▸ **EXERCISE DIRECTIONS**
Whenever a line in the data holds the string "COMPLEX", copy that line.

* * * * * * * * *

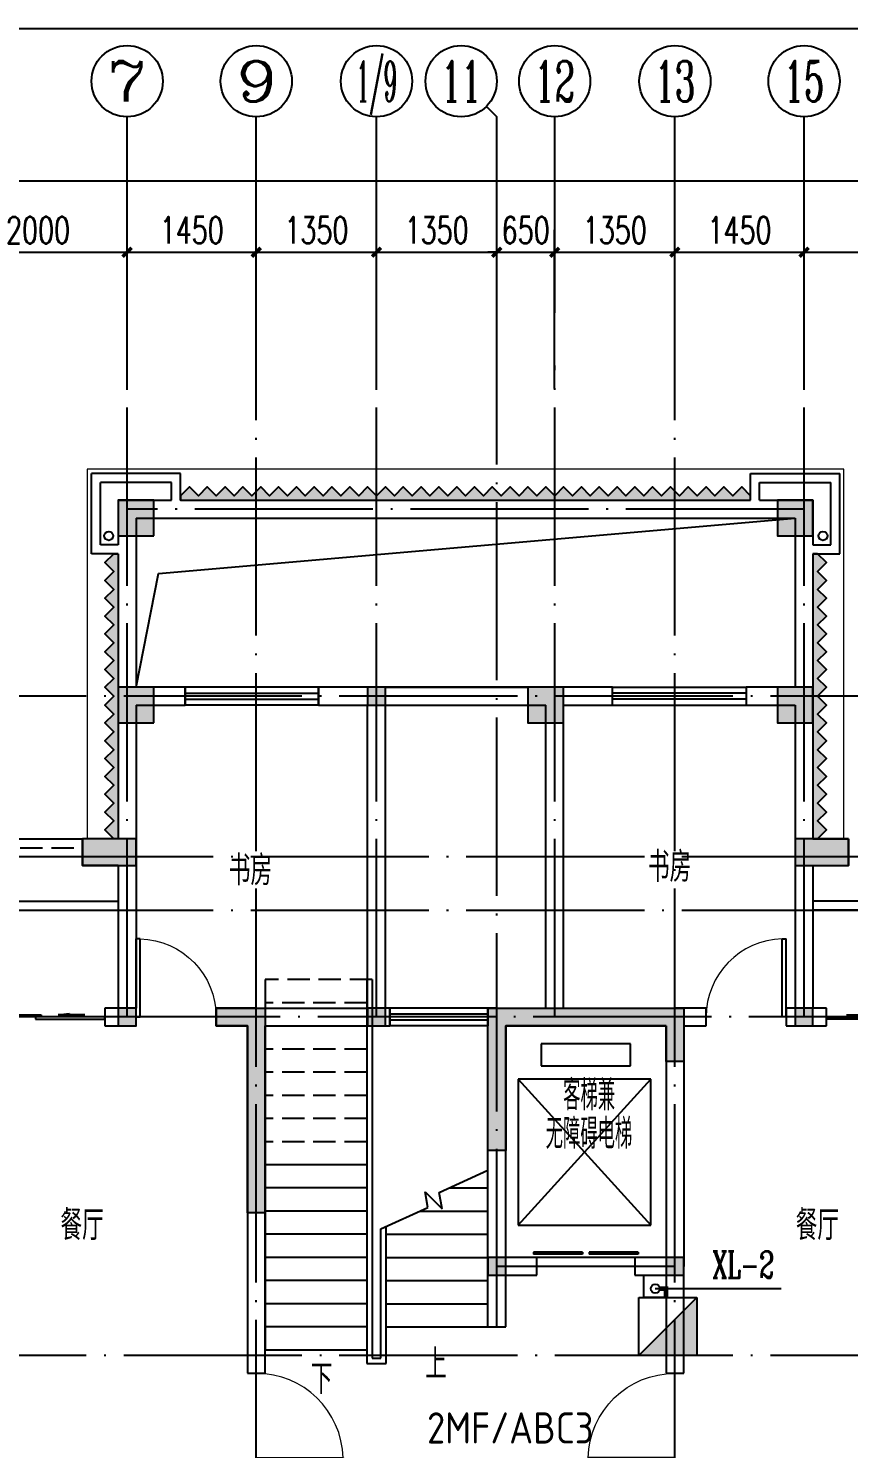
# Model space of a CAD drawing. Extents: x -287580 to -53108, y -522338 to -82629.
# Drawn here: x -246317 to -237109, y -368057 to -352116 of the extents above; entities that cross this region are included whole.
import ezdxf
from ezdxf.enums import TextEntityAlignment as Align

# ---------------------------------------------------------------- set-up
doc = ezdxf.new("R2010")
doc.units = 0
doc.header["$LTSCALE"] = 1000
doc.header["$MEASUREMENT"] = 0
doc.linetypes.add('DASH', pattern=[0.35, 0.25, -0.1])
doc.linetypes.add('DOTE', pattern=[2.42, 2, -0.2, 0.02, -0.2])
for name, color, linetype in [('6', 203, 'Continuous'), ('8', 8, 'Continuous'), ('AXIS', 3, 'Continuous'), ('AXIS_TEXT', 7, 'Continuous'), ('DIM_SYMB', 99, 'Continuous'), ('DIM_消防', 3, 'Continuous'), ('DOTE', 99, 'Continuous'), ('EQUIP_消火栓', 10, 'Continuous'), ('kan', 146, 'Continuous'), ('PIPE-消防', 1, 'Continuous'), ('PUB_TEXT', 7, 'Continuous'), ('STAIR', 99, 'Continuous'), ('VPIPE-消防', 1, 'Continuous'), ('WALL', 9, 'Continuous'), ('WINDOW', 99, 'Continuous'), ('填充', 8, 'Continuous'), ('给排水标注', 4, 'Continuous'), ('表格', 157, 'Continuous')]:
    doc.layers.add(name, color=color, linetype=linetype)
doc.layers.add('投影线', color=150, linetype='Continuous', lineweight=18)
doc.styles.add('_TCH_AXIS', font='COMPLEX', dxfattribs={"bigfont": 'GBCBIG'})
doc.styles.add('_TCH_DIM', font='SIMPLEX', dxfattribs={"bigfont": 'GBCBIG'})
doc.styles.add('_TCH_DIM_T3', font='SIMPLEX', dxfattribs={"width": 0.705882, "bigfont": 'GBCBIG'})
doc.styles.add('_TWT_SERIAL', font='COMPLEX', dxfattribs={"width": 0.8, "height": 3, "bigfont": 'HZTXT'})
doc.styles.add('COMPLEX', font='COMPLEX')
doc.styles.add('hnurban', font='gbenor.shx', dxfattribs={"width": 0.8, "bigfont": 'gbcbig.shx'})
doc.styles.get("Standard").update_dxf_attribs({"font": 'gbenor.shx', "bigfont": 'gbcbig.shx'})
doc.dimstyles.new('_TCH_ARCH&&100', dxfattribs={"dimtxt": 297.5, "dimasz": 100, "dimexe": 250, "dimexo": 300, "dimgap": 100, "dimtad": 1, "dimdec": 0, "dimzin": 0, "dimdsep": 46, "dimtxsty": '_TCH_DIM_T3', "dimblk": 'ARCHTICK', "dimcen": 0.09, "dimclrt": 7, "dimazin": 2, "dimtfac": 1, "dimtdec": 0, "dimtix": 1, "dimtmove": 2, "dimatfit": 3, "dimfxl": 0, "dimtolj": 1, "dimtzin": 0, "dimarcsym": 0})

# ---------------------------------------------------------------- blocks, each defined once
blk = doc.blocks.new('A$C34A75F29')
at = {"layer": '填充'}
for points in [[(15900, 16200), (16100, 16200), (16100, 16000), (15900, 16000)], [(10700, 14500), (11300, 14500), (11300, 14200), (10700, 14200)], [(18700, 14500), (19300, 14500), (19300, 14200), (18700, 14200)], [(11100, 12600), (11300, 12600), (11300, 12400), (11100, 12400)], [(15900, 12600), (16100, 12600), (16100, 12400), (15900, 12400)], [(18700, 12600), (18900, 12600), (18900, 12400), (18700, 12400)], [(12550, 9800), (12750, 9800), (12750, 9600), (12550, 9600)], [(14550, 9800), (14750, 9800), (14750, 9600), (14550, 9600)]]:
    blk.add_hatch(color=256, dxfattribs=at).paths.add_polyline_path(points)
at = {"color": 6}
for points in [[(15900, 16200), (16100, 16200), (16100, 16000), (15900, 16000)], [(10700, 14500), (11300, 14500), (11300, 14200), (10700, 14200)], [(18700, 14500), (19300, 14500), (19300, 14200), (18700, 14200)], [(11100, 12600), (11300, 12600), (11300, 12400), (11100, 12400)], [(15900, 12600), (16100, 12600), (16100, 12400), (15900, 12400)], [(18700, 12600), (18900, 12600), (18900, 12400), (18700, 12400)], [(12550, 9800), (12750, 9800), (12750, 9600), (12550, 9600)], [(14550, 9800), (14750, 9800), (14750, 9600), (14550, 9600)]]:
    blk.add_lwpolyline(points, close=True, dxfattribs=at)
blk = doc.blocks.new('A$C561B7B3A')
at = {"layer": '填充'}
h = blk.add_hatch(color=256, dxfattribs=at)
h.dxf.hatch_style = 1
h.paths.add_polyline_path([(46400, 16200), (46400, 15800), (46800, 15800), (46800, 16200)])
h.paths.add_polyline_path([(39000, 16200), (39000, 15800), (39400, 15800), (39400, 16200)])
h.paths.add_polyline_path([(16700, 15800), (16700, 16200), (16300, 16200), (16300, 15800)])
h.paths.add_polyline_path([(9300, 15800), (9300, 16200), (8900, 16200), (8900, 15800)])
h.paths.add_polyline_path([(55300, 3700), (55300, 3300), (55700, 3300), (55700, 3700)])
h.paths.add_polyline_path([(46400, 14100), (46400, 13700), (46800, 13700), (46800, 14100)])
h.paths.add_polyline_path([(41800, 14100), (41800, 13700), (42200, 13700), (42200, 14100)])
h.paths.add_polyline_path([(39000, 14100), (39000, 13700), (39400, 13700), (39400, 14100)])
h.paths.add_polyline_path([(30100, 3700), (30100, 3300), (30500, 3300), (30500, 3700)])
h.paths.add_polyline_path([(25600, 3300), (25600, 3700), (25200, 3700), (25200, 3300)])
h.paths.add_polyline_path([(16700, 13700), (16700, 14100), (16300, 14100), (16300, 13700)])
h.paths.add_polyline_path([(13900, 13700), (13900, 14100), (13500, 14100), (13500, 13700)])
h.paths.add_polyline_path([(9300, 13700), (9300, 14100), (8900, 14100), (8900, 13700)])
h.paths.add_polyline_path([(400, 3300), (400, 3700), (0, 3700), (0, 3300)])
h.paths.add_polyline_path([(45350, 10300), (45350, 8200), (45150, 8200), (45150, 10500), (45700, 10500), (45700, 10300)])
h.paths.add_polyline_path([(10550, 10500), (10550, 8200), (10350, 8200), (10350, 10300), (10000, 10300), (10000, 10500)])
h.paths.add_polyline_path([(5600, 0), (5100, 0), (5100, 2500), (5300, 2500), (5300, 200), (5600, 200)])
h.paths.add_polyline_path([(20500, 0), (20000, 0), (20000, 200), (20300, 200), (20300, 2500), (20500, 2500)])
h.paths.add_polyline_path([(35700, 0), (35200, 0), (35200, 2500), (35400, 2500), (35400, 200), (35700, 200)])
h.paths.add_polyline_path([(50600, 0), (50100, 0), (50100, 200), (50400, 200), (50400, 2500), (50600, 2500)])
h.paths.add_polyline_path([(54000, 0), (53350, 0), (53350, 200), (53800, 200), (53800, 2100), (54000, 2100)])
h.paths.add_polyline_path([(32450, 0), (31800, 0), (31800, 2100), (32000, 2100), (32000, 200), (32450, 200)])
h.paths.add_polyline_path([(23900, 0), (23250, 0), (23250, 200), (23700, 200), (23700, 2100), (23900, 2100)])
h.paths.add_polyline_path([(2350, 0), (1700, 0), (1700, 2100), (1900, 2100), (1900, 200), (2350, 200)])
h.paths.add_polyline_path([(50600, 9800), (50600, 6700), (51150, 6700), (51150, 6500), (50400, 6500), (50400, 9800), (50400, 10300), (50100, 10300), (50100, 10500), (50600, 10500), (50600, 10000), (50950, 10000), (50950, 9800)])
h.paths.add_polyline_path([(35400, 10300), (35400, 9800), (35400, 6500), (34650, 6500), (34650, 6700), (35200, 6700), (35200, 9800), (34850, 9800), (34850, 10000), (35200, 10000), (35200, 10500), (35700, 10500), (35700, 10300)])
h.paths.add_polyline_path([(20500, 10500), (20500, 10000), (20850, 10000), (20850, 9800), (20500, 9800), (20500, 6700), (21050, 6700), (21050, 6500), (20300, 6500), (20300, 9800), (20300, 10300), (20000, 10300), (20000, 10500)])
h.paths.add_polyline_path([(5300, 9800), (5300, 6500), (4550, 6500), (4550, 6700), (5100, 6700), (5100, 9800), (4750, 9800), (4750, 10000), (5100, 10000), (5100, 10500), (5600, 10500), (5600, 10300), (5300, 10300)])
h.paths.add_polyline_path([(15050, 10300), (13250, 10300), (13250, 8900), (13050, 8900), (13050, 10500), (15250, 10500), (15250, 9900), (15050, 9900)])
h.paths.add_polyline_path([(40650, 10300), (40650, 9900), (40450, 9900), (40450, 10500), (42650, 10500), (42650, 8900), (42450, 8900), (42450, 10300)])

* * * * * * * * *

▸ **THE ANSWER**
doc.styles.add('_TCH_AXIS', font='COMPLEX', dxfattribs={"bigfont": 'GBCBIG'})
doc.styles.add('_TWT_SERIAL', font='COMPLEX', dxfattribs={"width": 0.8, "height": 3, "bigfont": 'HZTXT'})
doc.styles.add('COMPLEX', font='COMPLEX')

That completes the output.